Exercise goal — Check each line of the records below and collect those that include the word "files".

[Collected data]
________________

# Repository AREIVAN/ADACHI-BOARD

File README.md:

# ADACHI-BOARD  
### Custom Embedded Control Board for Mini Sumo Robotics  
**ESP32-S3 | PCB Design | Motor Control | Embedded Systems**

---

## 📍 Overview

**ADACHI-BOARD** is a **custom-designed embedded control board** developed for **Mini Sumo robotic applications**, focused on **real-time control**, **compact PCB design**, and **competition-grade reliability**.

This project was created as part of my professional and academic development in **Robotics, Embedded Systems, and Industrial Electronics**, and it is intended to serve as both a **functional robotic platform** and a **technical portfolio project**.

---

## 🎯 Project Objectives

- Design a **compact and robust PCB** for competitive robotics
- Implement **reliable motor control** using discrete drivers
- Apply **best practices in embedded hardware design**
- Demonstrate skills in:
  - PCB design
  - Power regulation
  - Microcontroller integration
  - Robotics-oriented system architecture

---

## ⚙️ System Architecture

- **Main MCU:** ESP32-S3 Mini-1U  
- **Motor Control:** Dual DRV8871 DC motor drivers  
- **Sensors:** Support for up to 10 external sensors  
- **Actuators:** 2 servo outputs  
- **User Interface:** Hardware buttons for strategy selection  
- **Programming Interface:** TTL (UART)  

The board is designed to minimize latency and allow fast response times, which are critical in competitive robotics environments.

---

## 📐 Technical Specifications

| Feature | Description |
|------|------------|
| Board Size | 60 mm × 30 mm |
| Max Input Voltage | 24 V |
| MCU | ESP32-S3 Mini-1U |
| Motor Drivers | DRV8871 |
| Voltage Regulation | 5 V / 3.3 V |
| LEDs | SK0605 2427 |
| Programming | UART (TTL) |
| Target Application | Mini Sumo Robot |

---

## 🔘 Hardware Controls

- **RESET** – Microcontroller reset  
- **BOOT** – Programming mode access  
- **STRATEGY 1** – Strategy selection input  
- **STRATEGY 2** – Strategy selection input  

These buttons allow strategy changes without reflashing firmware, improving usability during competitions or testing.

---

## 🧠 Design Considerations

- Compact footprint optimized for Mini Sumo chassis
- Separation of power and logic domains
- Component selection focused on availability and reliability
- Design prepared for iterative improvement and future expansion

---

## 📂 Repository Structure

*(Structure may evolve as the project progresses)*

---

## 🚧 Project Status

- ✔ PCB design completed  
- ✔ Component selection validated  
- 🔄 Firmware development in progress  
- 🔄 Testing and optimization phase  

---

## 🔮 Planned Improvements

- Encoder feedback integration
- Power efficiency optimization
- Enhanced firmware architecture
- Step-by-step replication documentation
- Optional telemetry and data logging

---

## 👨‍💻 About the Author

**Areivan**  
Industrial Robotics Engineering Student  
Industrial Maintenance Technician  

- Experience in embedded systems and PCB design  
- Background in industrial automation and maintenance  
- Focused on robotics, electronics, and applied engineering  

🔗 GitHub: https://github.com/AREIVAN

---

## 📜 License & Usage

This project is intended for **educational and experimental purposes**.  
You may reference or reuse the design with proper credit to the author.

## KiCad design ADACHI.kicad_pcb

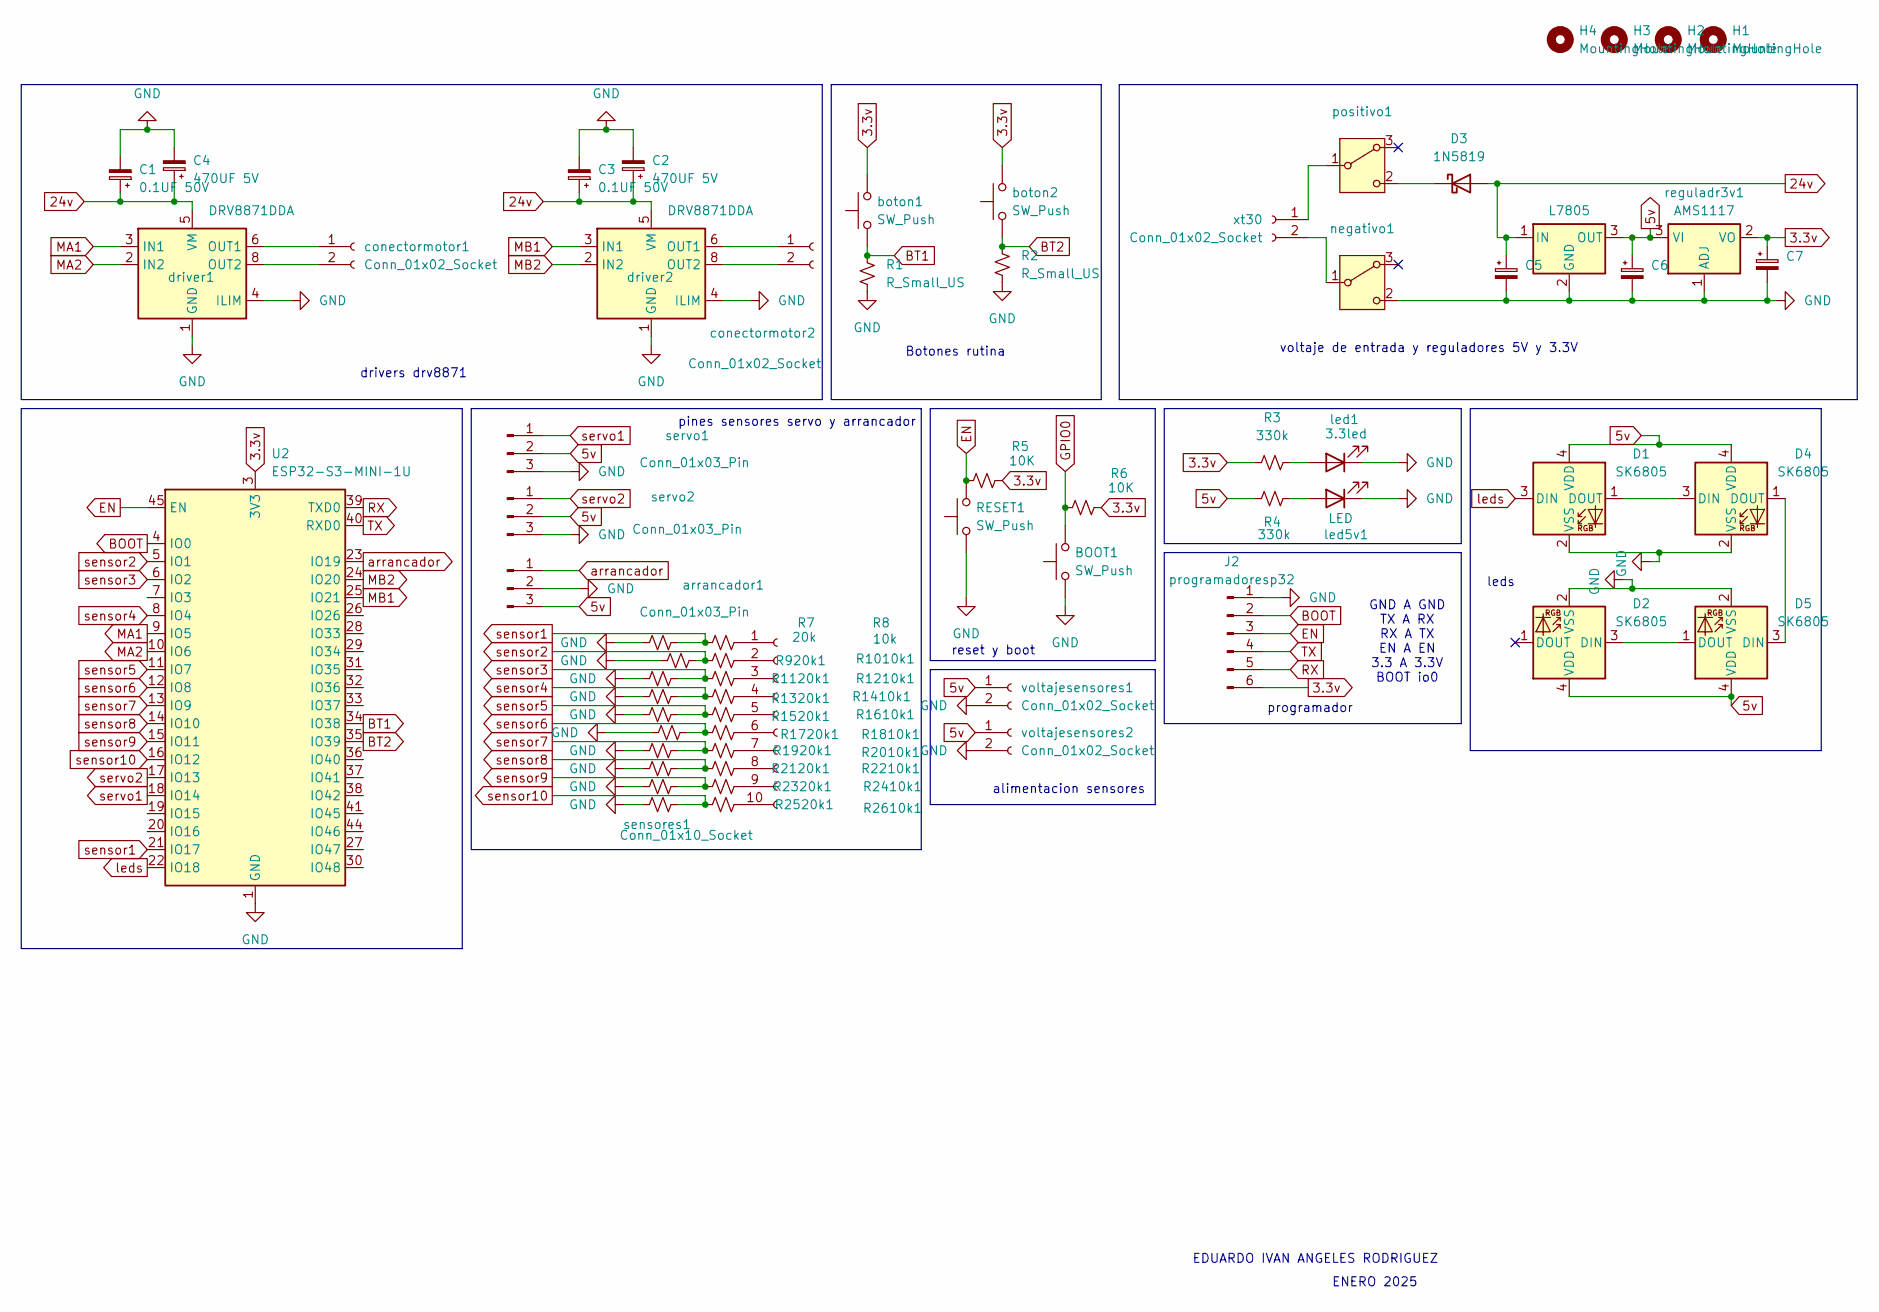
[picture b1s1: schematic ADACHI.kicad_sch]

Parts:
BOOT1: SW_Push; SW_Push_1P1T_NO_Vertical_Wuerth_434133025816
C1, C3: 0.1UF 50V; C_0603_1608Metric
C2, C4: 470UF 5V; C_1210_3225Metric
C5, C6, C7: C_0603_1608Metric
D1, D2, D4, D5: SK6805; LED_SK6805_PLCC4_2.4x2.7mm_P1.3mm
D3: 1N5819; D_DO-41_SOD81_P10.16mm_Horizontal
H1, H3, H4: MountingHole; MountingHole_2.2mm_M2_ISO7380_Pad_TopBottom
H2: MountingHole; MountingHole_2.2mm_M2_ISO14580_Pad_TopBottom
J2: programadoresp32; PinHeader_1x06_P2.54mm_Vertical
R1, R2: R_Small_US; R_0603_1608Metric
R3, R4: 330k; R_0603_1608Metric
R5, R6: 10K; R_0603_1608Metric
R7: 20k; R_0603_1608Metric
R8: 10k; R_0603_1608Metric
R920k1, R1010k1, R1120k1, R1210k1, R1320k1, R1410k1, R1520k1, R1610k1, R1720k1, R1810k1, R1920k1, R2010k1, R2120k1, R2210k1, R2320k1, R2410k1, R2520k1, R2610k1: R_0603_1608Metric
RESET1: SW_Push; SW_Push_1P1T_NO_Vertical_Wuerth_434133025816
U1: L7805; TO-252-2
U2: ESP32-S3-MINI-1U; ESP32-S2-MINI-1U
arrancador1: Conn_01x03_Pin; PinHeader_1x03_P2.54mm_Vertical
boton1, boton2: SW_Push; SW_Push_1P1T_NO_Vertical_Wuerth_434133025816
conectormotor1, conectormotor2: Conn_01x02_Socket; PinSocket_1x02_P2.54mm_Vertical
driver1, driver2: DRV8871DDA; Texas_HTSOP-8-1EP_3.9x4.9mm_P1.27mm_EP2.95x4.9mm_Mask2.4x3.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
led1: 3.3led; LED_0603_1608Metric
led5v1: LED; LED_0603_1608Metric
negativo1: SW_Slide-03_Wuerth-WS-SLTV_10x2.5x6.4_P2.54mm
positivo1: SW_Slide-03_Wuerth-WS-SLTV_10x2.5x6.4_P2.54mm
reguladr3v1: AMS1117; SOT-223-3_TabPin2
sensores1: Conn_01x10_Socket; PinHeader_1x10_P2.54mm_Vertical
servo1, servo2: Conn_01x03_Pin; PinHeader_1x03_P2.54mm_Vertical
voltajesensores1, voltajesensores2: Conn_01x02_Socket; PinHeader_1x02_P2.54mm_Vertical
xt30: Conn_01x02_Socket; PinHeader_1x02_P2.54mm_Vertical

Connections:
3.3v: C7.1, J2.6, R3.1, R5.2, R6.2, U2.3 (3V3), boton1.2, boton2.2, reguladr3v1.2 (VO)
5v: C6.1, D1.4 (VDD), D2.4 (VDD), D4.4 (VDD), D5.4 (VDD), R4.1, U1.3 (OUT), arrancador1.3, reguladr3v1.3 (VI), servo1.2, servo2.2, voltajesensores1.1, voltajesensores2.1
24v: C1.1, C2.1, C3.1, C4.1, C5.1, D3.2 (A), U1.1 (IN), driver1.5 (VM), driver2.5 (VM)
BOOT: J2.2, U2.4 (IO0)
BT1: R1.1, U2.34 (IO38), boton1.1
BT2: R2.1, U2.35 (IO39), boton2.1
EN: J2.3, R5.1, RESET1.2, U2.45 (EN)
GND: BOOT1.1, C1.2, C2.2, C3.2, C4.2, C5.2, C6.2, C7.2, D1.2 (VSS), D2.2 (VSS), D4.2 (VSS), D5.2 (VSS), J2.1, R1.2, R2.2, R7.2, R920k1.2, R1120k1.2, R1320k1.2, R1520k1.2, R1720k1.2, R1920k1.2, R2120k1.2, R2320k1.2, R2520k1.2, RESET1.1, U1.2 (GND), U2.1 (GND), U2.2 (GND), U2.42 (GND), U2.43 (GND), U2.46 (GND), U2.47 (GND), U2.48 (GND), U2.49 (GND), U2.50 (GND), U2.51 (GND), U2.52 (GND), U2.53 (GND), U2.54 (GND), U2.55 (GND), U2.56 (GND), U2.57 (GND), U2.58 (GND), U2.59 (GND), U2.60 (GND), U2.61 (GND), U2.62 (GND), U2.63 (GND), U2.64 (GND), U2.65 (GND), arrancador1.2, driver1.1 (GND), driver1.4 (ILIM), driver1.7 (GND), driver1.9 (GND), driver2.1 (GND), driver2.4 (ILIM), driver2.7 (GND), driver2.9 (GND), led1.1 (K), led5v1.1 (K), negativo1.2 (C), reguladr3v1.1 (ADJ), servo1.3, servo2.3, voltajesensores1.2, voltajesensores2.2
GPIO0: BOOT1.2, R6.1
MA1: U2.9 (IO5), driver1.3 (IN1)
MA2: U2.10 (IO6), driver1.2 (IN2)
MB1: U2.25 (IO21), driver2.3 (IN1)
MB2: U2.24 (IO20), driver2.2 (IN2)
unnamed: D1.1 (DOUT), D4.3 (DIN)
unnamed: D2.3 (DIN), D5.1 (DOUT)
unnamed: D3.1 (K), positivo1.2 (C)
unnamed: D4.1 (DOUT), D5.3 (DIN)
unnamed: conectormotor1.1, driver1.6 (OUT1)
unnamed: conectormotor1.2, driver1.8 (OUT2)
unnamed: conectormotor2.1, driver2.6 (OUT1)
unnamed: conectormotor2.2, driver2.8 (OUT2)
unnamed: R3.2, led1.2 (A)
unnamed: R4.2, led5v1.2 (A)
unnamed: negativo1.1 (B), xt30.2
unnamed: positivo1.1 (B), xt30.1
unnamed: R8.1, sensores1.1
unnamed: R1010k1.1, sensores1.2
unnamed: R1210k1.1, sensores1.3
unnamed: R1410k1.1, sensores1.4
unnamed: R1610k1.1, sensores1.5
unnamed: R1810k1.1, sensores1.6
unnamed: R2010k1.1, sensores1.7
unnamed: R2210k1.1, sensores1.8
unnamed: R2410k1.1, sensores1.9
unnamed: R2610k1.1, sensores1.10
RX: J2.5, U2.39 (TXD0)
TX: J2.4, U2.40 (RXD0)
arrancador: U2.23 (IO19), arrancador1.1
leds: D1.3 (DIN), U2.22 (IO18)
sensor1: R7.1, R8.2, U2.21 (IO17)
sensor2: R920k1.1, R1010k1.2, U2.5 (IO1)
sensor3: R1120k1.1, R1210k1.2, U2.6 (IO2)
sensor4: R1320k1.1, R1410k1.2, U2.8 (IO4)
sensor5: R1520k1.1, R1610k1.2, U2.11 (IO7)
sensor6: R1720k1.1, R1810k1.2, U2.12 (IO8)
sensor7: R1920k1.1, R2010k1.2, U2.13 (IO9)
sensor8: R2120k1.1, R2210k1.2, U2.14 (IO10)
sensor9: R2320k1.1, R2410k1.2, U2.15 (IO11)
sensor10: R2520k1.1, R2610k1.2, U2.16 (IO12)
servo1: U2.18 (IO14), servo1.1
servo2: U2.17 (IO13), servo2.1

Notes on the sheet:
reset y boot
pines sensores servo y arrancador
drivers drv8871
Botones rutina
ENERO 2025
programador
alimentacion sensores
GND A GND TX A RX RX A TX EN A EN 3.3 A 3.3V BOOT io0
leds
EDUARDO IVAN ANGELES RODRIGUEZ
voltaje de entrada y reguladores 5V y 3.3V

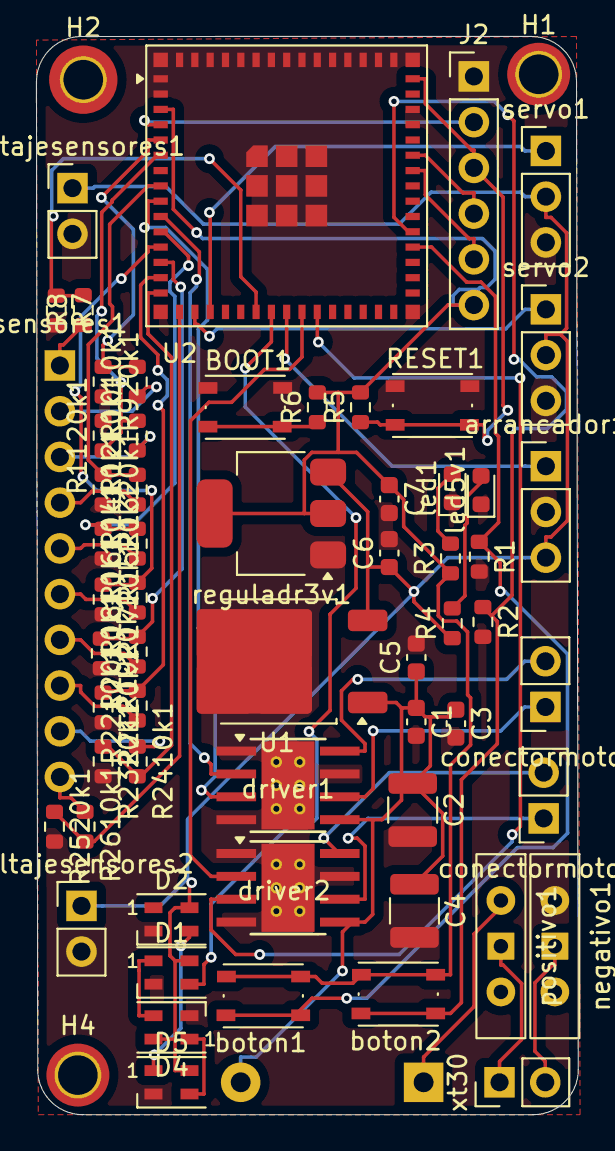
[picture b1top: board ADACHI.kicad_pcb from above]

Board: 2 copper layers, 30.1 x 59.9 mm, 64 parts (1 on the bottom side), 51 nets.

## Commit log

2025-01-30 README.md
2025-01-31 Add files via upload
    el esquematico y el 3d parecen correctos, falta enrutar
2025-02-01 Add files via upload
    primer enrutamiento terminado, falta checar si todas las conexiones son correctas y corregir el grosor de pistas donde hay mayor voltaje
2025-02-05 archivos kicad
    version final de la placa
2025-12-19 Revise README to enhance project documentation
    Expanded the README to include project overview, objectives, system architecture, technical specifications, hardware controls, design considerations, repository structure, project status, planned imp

________________

Written answer —
2025-01-31 Add files via upload
2025-02-01 Add files via upload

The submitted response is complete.